Work to complete: Please copy every line from the records below that contains the string "name".

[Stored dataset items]
::::

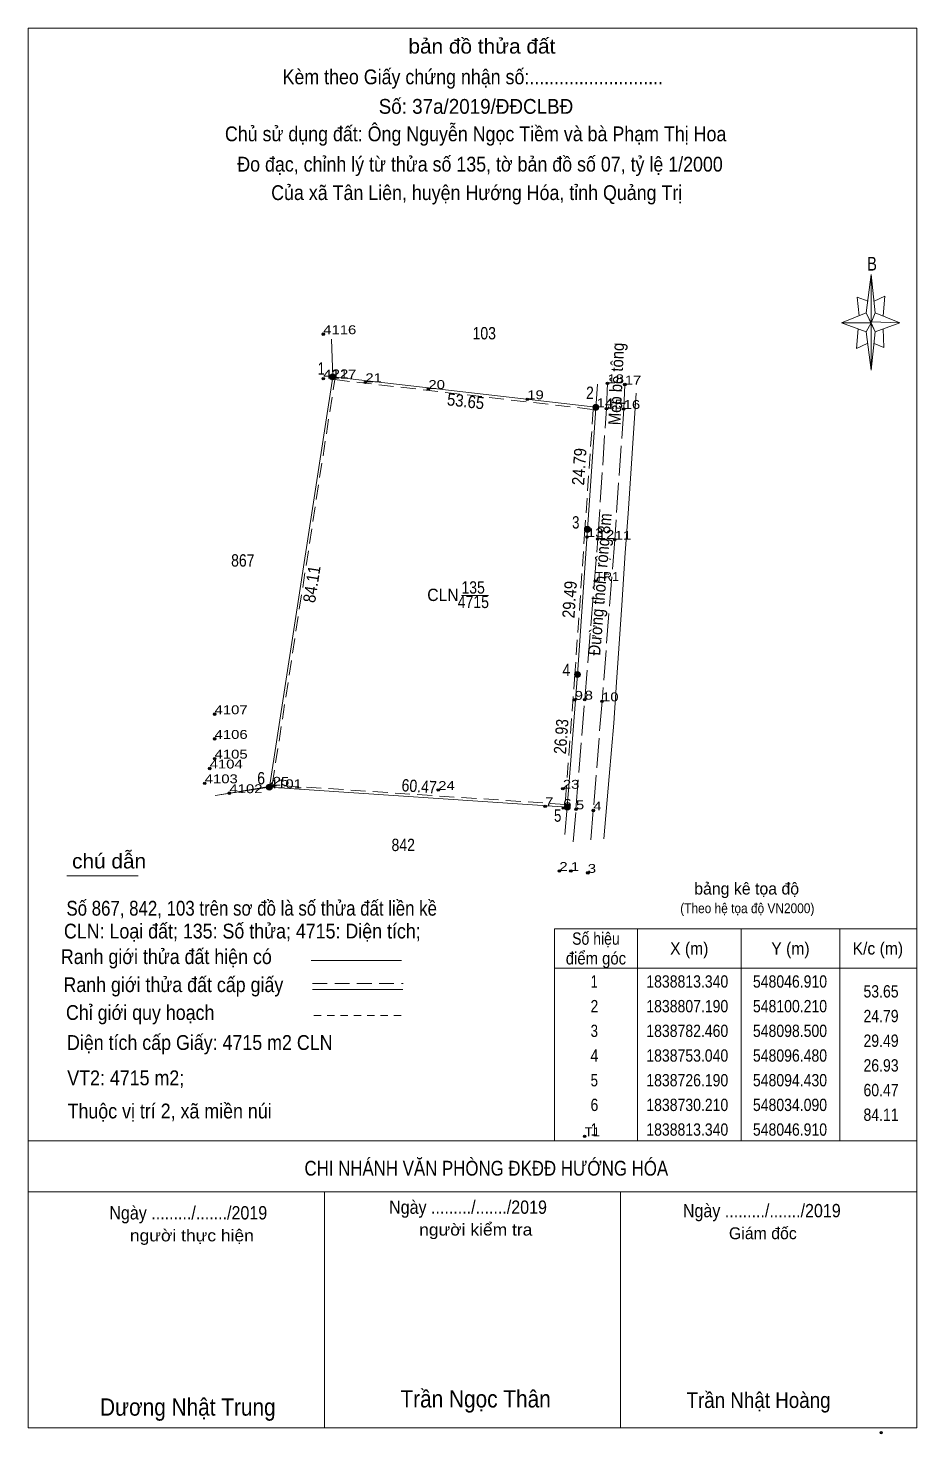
# Model space of a CAD drawing. Header units: metres. Extents: x 546833 to 548165, y 1838165 to 1838884.
# Drawn here: x 547985.2 to 548165.2, y 1838599.2 to 1838884 of the extents above; entities that cross this region are included whole.
import ezdxf
from ezdxf.enums import TextEntityAlignment as Align

# ---------------------------------------------------------------- set-up
doc = ezdxf.new("R2010")
doc.units = ezdxf.units.M
doc.header["$PDMODE"] = 32
doc.header["$PDSIZE"] = 0.5
for name, pattern in [('LONG_DASHED', [7.5, 6, -1.5]), ('MEDIUM_DASHED', [4.5, 3, -1.5]), ('SHORT_DASHED', [2.7, 1.5, -1.2])]:
    doc.linetypes.add(name, pattern=pattern)
for name, color, linetype, lineweight in [('1', 7, 'MEDIUM_DASHED', 13), ('17', 7, 'Continuous', 13), ('19', 7, 'Continuous', 13), ('5', 7, 'Continuous', 13), ('55', 7, 'Continuous', 13), ('6', 7, 'Continuous', 13), ('63', 7, 'Continuous', 13)]:
    doc.layers.add(name, color=color, linetype=linetype, lineweight=lineweight)
for name, color, linetype in [('12', 7, 'Continuous'), ('28', 7, 'Continuous'), ('7', 7, 'Continuous')]:
    doc.layers.add(name, color=color, linetype=linetype)

msp = doc.modelspace()

# ---------------------------------------------------------------- hatches: boundary and pattern name
at = {"layer": '63'}
for points in [[(548047.51, 1838813.34, 1), (548046.31, 1838813.34, 1)], [(548100.81, 1838807.19, 1), (548099.61, 1838807.19, 1)], [(548099.1, 1838782.46, 1), (548097.9, 1838782.46, 1)], [(548097.08, 1838753.04, 1), (548095.88, 1838753.04, 1)], [(548034.69, 1838730.21, 1), (548033.49, 1838730.21, 1)], [(548095.03, 1838726.19, 1), (548093.83, 1838726.19, 1)]]:
    msp.add_hatch(color=256, dxfattribs=at).paths.add_polyline_path(points)

# ---------------------------------------------------------------- linework, layer by layer
at = {"layer": '1'}
msp.add_lwpolyline([(548047.33, 1838812.79), (548099.68, 1838806.75), (548098, 1838782.49), (548095.98, 1838753.08), (548093.97, 1838726.72), (548034.67, 1838730.67)], close=True, dxfattribs=at)
at = {"layer": '17'}
msp.add_line((547993.07, 1838712.28), (548007.55, 1838712.28), dxfattribs=at)
at = {"layer": '19'}
for p, q in [((548046.91, 1838813.34), (548046.68, 1838821.01)), ((548034.09, 1838730.21), (548046.91, 1838813.34)), ((548100.21, 1838807.19), (548046.91, 1838813.34)), ((548034.09, 1838730.21), (548023.08, 1838728.54)), ((548034.09, 1838730.21), (548024.31, 1838728.73)), ((548034.09, 1838730.21), (548094.43, 1838726.19)), ((548094.43, 1838726.19), (548093.95, 1838720.65))]:
    msp.add_line(p, q, dxfattribs=at)
for points in [[(548094.43, 1838726.19), (548096.48, 1838753.04), (548100.53, 1838811.89)], [(548108.39, 1838810.04), (548106.73, 1838785.66), (548106.18, 1838777.68), (548105.46, 1838767.1), (548104.39, 1838751.46), (548103.83, 1838743.2), (548102.91, 1838732.35), (548101.85, 1838719.77)]]:
    msp.add_lwpolyline(points, dxfattribs=at)
at = {"layer": '19', "linetype": 'LONG_DASHED'}
for points in [[(548095.63, 1838719.12), (548096.18, 1838725.73), (548097.95, 1838747.95), (548100.6, 1838780.5), (548102.36, 1838806.91), (548102.56, 1838812.05)], [(548106.07, 1838811.8), (548105.85, 1838806.85), (548104.04, 1838780.34), (548101.46, 1838747.6), (548099.7, 1838725.49), (548099.14, 1838719.15)]]:
    msp.add_lwpolyline(points, dxfattribs=at)
at = {"layer": '5'}
for p, q in [((547985.23, 1838600.42), (547985.23, 1838884.02)), ((548154.97, 1838826.3), (548155.97, 1838834.1)), ((548154.97, 1838822.5), (548149.97, 1838824.3)), ((548156.77, 1838826.3), (548161.77, 1838824.3)), ((548156.77, 1838822.5), (548155.97, 1838814.7)), ((548158.37, 1838823.1), (548158.57, 1838819.3)), ((548158.57, 1838819.3), (548156.57, 1838820.1)), ((548045.23, 1838600.42), (548045.23, 1838648.22)), ((548105.23, 1838600.42), (548105.23, 1838648.22))]:
    msp.add_line(p, q, dxfattribs=at)
for points in [[(547985.23, 1838884.02), (548165.23, 1838884.02), (548165.23, 1838600.42)], [(548155.37, 1838828.7), (548153.17, 1838829.5), (548153.57, 1838825.7)], [(548156.57, 1838828.7), (548158.77, 1838829.7), (548158.37, 1838825.7)], [(548155.97, 1838824.3), (548154.97, 1838826.3), (548149.97, 1838824.3)], [(548155.97, 1838824.3), (548156.77, 1838822.5), (548161.77, 1838824.3)], [(548153.37, 1838823.1), (548152.97, 1838819.1), (548155.17, 1838820.1)]]:
    msp.add_lwpolyline(points, dxfattribs=at)
for points in [[(548155.97, 1838834.1), (548156.77, 1838826.3), (548155.97, 1838824.3)], [(548155.97, 1838824.3), (548149.97, 1838824.3), (548154.97, 1838826.3), (548156.77, 1838822.5), (548161.77, 1838824.3), (548155.97, 1838824.5)], [(548155.97, 1838824.3), (548155.97, 1838814.7), (548154.97, 1838822.5)]]:
    msp.add_lwpolyline(points, close=True, dxfattribs=at)
at = {"layer": '55'}
msp.add_line((548026, 1838729), (548034.77, 1838730.5), dxfattribs=at)
at = {"layer": '6'}
for p, q in [((548042.54, 1838695.07), (548060.82, 1838695.07)), ((548042.82, 1838689.21), (548061.1, 1838689.21)), ((547985.23, 1838658.54), (548165.23, 1838658.54)), ((547985.23, 1838648.22), (548165.23, 1838648.22)), ((548165.23, 1838600.42), (547985.23, 1838600.42))]:
    msp.add_line(p, q, dxfattribs=at)
at = {"layer": '6', "linetype": 'MEDIUM_DASHED'}
msp.add_line((548042.82, 1838690.45), (548061.22, 1838690.45), dxfattribs=at)
at = {"layer": '6'}
msp.add_point((548158.01, 1838599.42), dxfattribs=at)
at = {"layer": '63'}
for p, q in [((548072.97, 1838769.03), (548078.44, 1838769.03)), ((548108.63, 1838701.54), (548108.63, 1838658.54)), ((548129.63, 1838701.54), (548129.63, 1838658.54)), ((548149.63, 1838701.54), (548149.63, 1838658.54)), ((548091.83, 1838693.54), (548165.23, 1838693.54))]:
    msp.add_line(p, q, dxfattribs=at)
at = {"layer": '63', "linetype": 'SHORT_DASHED'}
msp.add_line((548043.08, 1838683.95), (548061.48, 1838683.95), dxfattribs=at)
at = {"layer": '63'}
msp.add_lwpolyline([(548091.83, 1838701.54), (548165.23, 1838701.54), (548165.23, 1838658.54), (548091.83, 1838658.54)], close=True, dxfattribs=at)
for centre in [(548046.91, 1838813.34), (548100.21, 1838807.19), (548098.5, 1838782.46), (548096.48, 1838753.04), (548034.09, 1838730.21), (548094.43, 1838726.19)]:
    msp.add_circle(centre, 0.6, dxfattribs=at)
at = {"layer": '7'}
for p in [(548045, 1838822), (548045, 1838813), (548046.72, 1838813.06), (548053.53, 1838812.27), (548102.56, 1838812.05), (548066.3, 1838810.89), (548106.07, 1838811.8), (548086.32, 1838808.82), (548100.36, 1838807.17), (548102.36, 1838806.91), (548105.85, 1838806.85), (548098.41, 1838780.88), (548100.59, 1838780.5), (548104.04, 1838780.34), (548100.13, 1838771.98), (548095.93, 1838747.91), (548097.95, 1838747.95), (548101.46, 1838747.59), (548023, 1838745), (548023, 1838740), (548023, 1838736), (548022, 1838734), (548021, 1838731), (548034, 1838730), (548034.77, 1838730.5), (548068.29, 1838729.63), (548093.53, 1838729.89), (548026, 1838729), (548089.95, 1838726.35), (548093.62, 1838726.01), (548096.18, 1838725.73), (548099.7, 1838725.49), (548092.82, 1838713.24), (548095.14, 1838713.21), (548098.59, 1838712.85), (548097.94, 1838659.46)]:
    msp.add_point(p, dxfattribs=at)

# ---------------------------------------------------------------- texts
at = {"layer": '1'}
for s, width, p in [('103', 0.85, (548077.61, 1838820.95)), ('867', 0.85, (548028.71, 1838774.91)), ('CLN', 0.95, (548069.245, 1838767.93)), ('135', 0.85, (548075.36, 1838769.43)), ('4715', 0.85, (548075.4, 1838766.5)), ('842', 0.85, (548061.2, 1838717.26))]:
    msp.add_text(s, height=2.5, dxfattribs=dict(at, width=width)).set_placement(p, align=Align.CENTER)
at = {"layer": '12'}
for s, width, p in [('4116', 1.25, (548045, 1838822)), ('4117', 1.25, (548045, 1838813)), ('22', 1.25, (548046.72, 1838813.06)), ('22', 1.25, (548046.72, 1838813.06)), ('21', 1.25, (548053.53, 1838812.27)), ('21', 1.25, (548053.53, 1838812.27)), ('20', 1.25, (548066.3, 1838810.89)), ('20', 1.25, (548066.3, 1838810.89)), ('18', 1.25, (548102.56, 1838812.05)), ('18', 1.25, (548102.56, 1838812.05)), ('17', 1.25, (548106.07, 1838811.8)), ('17', 1.25, (548106.07, 1838811.8)), ('19', 1.25, (548086.32, 1838808.82)), ('19', 1.25, (548086.32, 1838808.82)), ('14', 1.25, (548100.36, 1838807.17)), ('14', 1.25, (548100.36, 1838807.17)), ('15', 1.25, (548102.36, 1838806.91)), ('15', 1.25, (548102.36, 1838806.91)), ('16', 1.25, (548105.85, 1838806.85)), ('16', 1.25, (548105.85, 1838806.85)), ('13', 1.25, (548098.41, 1838780.88)), ('13', 1.25, (548098.41, 1838780.88)), ('12', 1.25, (548100.6, 1838780.5)), ('12', 1.25, (548100.6, 1838780.5)), ('11', 1.25, (548104.04, 1838780.34)), ('11', 1.25, (548104.04, 1838780.34)), ('TR1', 1.05, (548100.13, 1838771.98)), ('TR1', 1.05, (548100.13, 1838771.98)), ('9', 1.25, (548095.93, 1838747.91)), ('9', 1.25, (548095.93, 1838747.91)), ('8', 1.25, (548097.95, 1838747.95)), ('8', 1.25, (548097.95, 1838747.95)), ('4107', 1.25, (548023, 1838745)), ('10', 1.25, (548101.46, 1838747.6)), ('10', 1.25, (548101.46, 1838747.6)), ('4106', 1.25, (548023, 1838740)), ('4104', 1.25, (548022, 1838734)), ('4105', 1.25, (548023, 1838736)), ('4103', 1.25, (548021, 1838731)), ('4102', 1.25, (548026, 1838729)), ('4101', 1.25, (548034, 1838730)), ('25', 1.25, (548034.77, 1838730.5)), ('25', 1.25, (548034.77, 1838730.5)), ('24', 1.25, (548068.29, 1838729.63)), ('24', 1.25, (548068.29, 1838729.63)), ('23', 1.25, (548093.53, 1838729.89)), ('23', 1.25, (548093.53, 1838729.89)), ('7', 1.25, (548089.95, 1838726.35)), ('7', 1.25, (548089.95, 1838726.35)), ('6', 1.25, (548093.62, 1838726.02)), ('6', 1.25, (548093.62, 1838726.02)), ('5', 1.25, (548096.18, 1838725.73)), ('5', 1.25, (548096.18, 1838725.73)), ('4', 1.25, (548099.7, 1838725.49)), ('4', 1.25, (548099.7, 1838725.49)), ('2', 1.25, (548092.82, 1838713.24)), ('2', 1.25, (548092.82, 1838713.24)), ('1', 1.25, (548095.14, 1838713.21)), ('1', 1.25, (548095.14, 1838713.21)), ('3', 1.25, (548098.58, 1838712.85)), ('3', 1.25, (548098.58, 1838712.85)), ('T1', 1.1, (548097.94, 1838659.46)), ('T1', 1.1, (548097.94, 1838659.46))]:
    msp.add_text(s, height=1.8, dxfattribs=dict(at, width=width)).set_placement(p)
at = {"layer": '28'}
msp.add_text('bảng kê tọa độ', height=2.4, dxfattribs=at).set_placement((548130.755, 1838708.46), align=Align.CENTER)
at = {"layer": '28', "width": 0.9}
msp.add_text('(Theo hệ tọa độ VN2000)', height=2, dxfattribs=at).set_placement((548130.89, 1838704.68), align=Align.CENTER)
at = {"layer": '5'}
for s, height, width, p in [('bản đồ thửa đất', 3, 1.05, (548077.13, 1838878.86)), ('Kèm theo Giấy chứng nhận số:...........................', 3, 0.9, (548075.29, 1838872.64)), ('Số: 37a/2019/ĐĐCLBĐ', 3, 0.95, (548075.93, 1838866.66)), ('Chủ sử dụng đất: Ông Nguyễn Ngọc Tiềm và bà Phạm Thị Hoa', 3, 0.9, (548075.865, 1838861.09)), ('Đo đạc, chỉnh lý từ thửa số 135, tờ bản đồ số 07, tỷ lệ 1/2000', 3, 0.9, (548076.755, 1838854.95)), ('Của xã Tân Liên, huyện Hướng Hóa, tỉnh Quảng Trị', 3, 0.9, (548076.085, 1838849.18)), ('B', 2.755, 0.8, (548156.155, 1838834.9))]:
    msp.add_text(s, height=height, dxfattribs=dict(at, width=width)).set_placement(p, align=Align.CENTER)
at = {"layer": '6'}
for s, height, width, p in [('chú dẫn', 3, 1.05, (548001.625, 1838713.74)), ('Ranh giới thửa đất hiện có ', 3, 0.9, (548013.725, 1838694.37)), ('Ranh giới thửa đất cấp giấy', 3, 0.9, (548014.645, 1838688.69)), ('Chỉ giới quy hoạch', 3, 0.9, (548007.925, 1838683.05)), ('CHI NHÁNH VĂN PHÒNG ĐKĐĐ HƯỚNG HÓA', 3, 0.85, (548078.03, 1838651.5)), ('Ngày ........./......./2019', 2.7, 0.9, (548017.665, 1838642.62)), ('Ngày ........./......./2019', 2.7, 0.9, (548074.325, 1838643.76)), ('Ngày ........./......./2019', 2.7, 0.9, (548133.825, 1838643.06)), ('người kiểm tra', 2.4, 1.1, (548075.89, 1838639.36)), ('người thực hiện', 2.4, 1.1, (548018.395, 1838638.18)), ('Trần Ngọc Thân', 3.5, 0.9, (548075.86, 1838604.52)), ('Trần Nhật Hoàng', 3.16, 0.9, (548133.16, 1838604.42)), ('Dương Nhật Trung', 3.5, 0.9, (548017.58, 1838602.86))]:
    msp.add_text(s, height=height, dxfattribs=dict(at, width=width)).set_placement(p, align=Align.CENTER)
for s, width, p in [('Số 867, 842, 103 trên sơ đồ là số thửa đất liền kề', 0.85, (547992.99, 1838704.18)), ('CLN: Loại đất; 135: Số thửa; 4715: Diện tích;', 0.9, (547992.48, 1838699.55)), ('Diện tích cấp Giấy: 4715 m2 CLN', 0.9, (547993.1, 1838676.97)), ('VT2: 4715 m2; ', 0.9, (547993.16, 1838669.81)), ('Thuộc vị trí 2, xã miền núi', 0.9, (547993.22, 1838663.09))]:
    msp.add_text(s, height=3, dxfattribs=dict(at, width=width)).set_placement(p)
msp.add_text('Giám đốc', height=2.4, dxfattribs=at).set_placement((548134.04, 1838638.62), align=Align.CENTER)
at = {"layer": '63'}
for s, rotation, width, p in [('Mép bê tông', 87.455, 0.9, (548105.576, 1838811.874)), ('53.65', 353.418, 0.9, (548073.707, 1838807.182)), ('24.79', 86.044, 0.9, (548098.085, 1838795.069)), ('Đường thôn, rộng 8m', 85.346, 0.9, (548102.249, 1838771.219)), ('84.11', 81.233, 0.9, (548043.912, 1838771.174)), ('29.49', 86.072, 0.9, (548096.133, 1838768.154)), ('26.93', 85.634, 0.85, (548094.429, 1838740.37)), ('60.47', 356.188, 0.85, (548064.352, 1838729.156))]:
    msp.add_text(s, height=2.5, rotation=rotation, dxfattribs=dict(at, width=width)).set_placement(p, align=Align.CENTER)
for s, width, p in [(' 1', 0.75, (548045.3, 1838813.82)), (' 2', 0.85, (548099.81, 1838808.88)), (' 3', 0.8, (548096.89, 1838782.62)), (' 4', 0.85, (548095.03, 1838752.71)), (' 6', 0.85, (548033.21, 1838730.78)), (' 5', 0.8, (548093.23, 1838723.21)), ('53.65', 0.85, (548161.53, 1838687.59)), ('24.79', 0.85, (548161.53, 1838682.59)), ('29.49', 0.85, (548161.53, 1838677.59)), ('26.93', 0.85, (548161.53, 1838672.59)), ('60.47', 0.85, (548161.53, 1838667.59)), ('84.11', 0.85, (548161.53, 1838662.59))]:
    msp.add_text(s, height=2.5, dxfattribs=dict(at, width=width)).set_placement(p, align=Align.RIGHT)
for s, width, p in [('Số hiệu', 0.85, (548100.23, 1838698.29)), ('X (m)', 0.95, (548119.13, 1838696.29)), ('Y (m)', 0.95, (548139.625, 1838696.29)), ('K/c (m)', 0.95, (548157.33, 1838696.29)), ('điểm góc', 0.9, (548100.23, 1838694.29)), (' 1', 0.75, (548099.525, 1838689.59)), ('1838813.340', 0.85, (548118.73, 1838689.59)), ('548046.910', 0.85, (548139.535, 1838689.59)), (' 2', 0.85, (548099.53, 1838684.59)), ('1838807.190', 0.85, (548118.73, 1838684.59)), ('548100.210', 0.85, (548139.535, 1838684.59)), (' 3', 0.8, (548099.53, 1838679.59)), ('1838782.460', 0.85, (548118.73, 1838679.59)), ('548098.500', 0.85, (548139.535, 1838679.59)), (' 4', 0.85, (548099.525, 1838674.59)), ('1838753.040', 0.85, (548118.73, 1838674.59)), ('548096.480', 0.85, (548139.535, 1838674.59)), (' 5', 0.8, (548099.53, 1838669.59)), ('1838726.190', 0.85, (548118.73, 1838669.59)), ('548094.430', 0.85, (548139.535, 1838669.59)), (' 6', 0.85, (548099.53, 1838664.59)), ('1838730.210', 0.85, (548118.73, 1838664.59)), ('548034.090', 0.85, (548139.535, 1838664.59)), (' 1', 0.75, (548099.525, 1838659.59)), ('1838813.340', 0.85, (548118.73, 1838659.59)), ('548046.910', 0.85, (548139.535, 1838659.59))]:
    msp.add_text(s, height=2.5, dxfattribs=dict(at, width=width)).set_placement(p, align=Align.CENTER)

doc.saveas('drawing.dxf')

::::

Answer:
for name, pattern in [('LONG_DASHED', [7.5, 6, -1.5]), ('MEDIUM_DASHED', [4.5, 3, -1.5]), ('SHORT_DASHED', [2.7, 1.5, -1.2])]:
    doc.linetypes.add(name, pattern=pattern)
for name, color, linetype, lineweight in [('1', 7, 'MEDIUM_DASHED', 13), ('17', 7, 'Continuous', 13), ('19', 7, 'Continuous', 13), ('5', 7, 'Continuous', 13), ('55', 7, 'Continuous', 13), ('6', 7, 'Continuous', 13), ('63', 7, 'Continuous', 13)]:
    doc.layers.add(name, color=color, linetype=linetype, lineweight=lineweight)
for name, color, linetype in [('12', 7, 'Continuous'), ('28', 7, 'Continuous'), ('7', 7, 'Continuous')]:
    doc.layers.add(name, color=color, linetype=linetype)
# ---------------------------------------------------------------- hatches: boundary and pattern name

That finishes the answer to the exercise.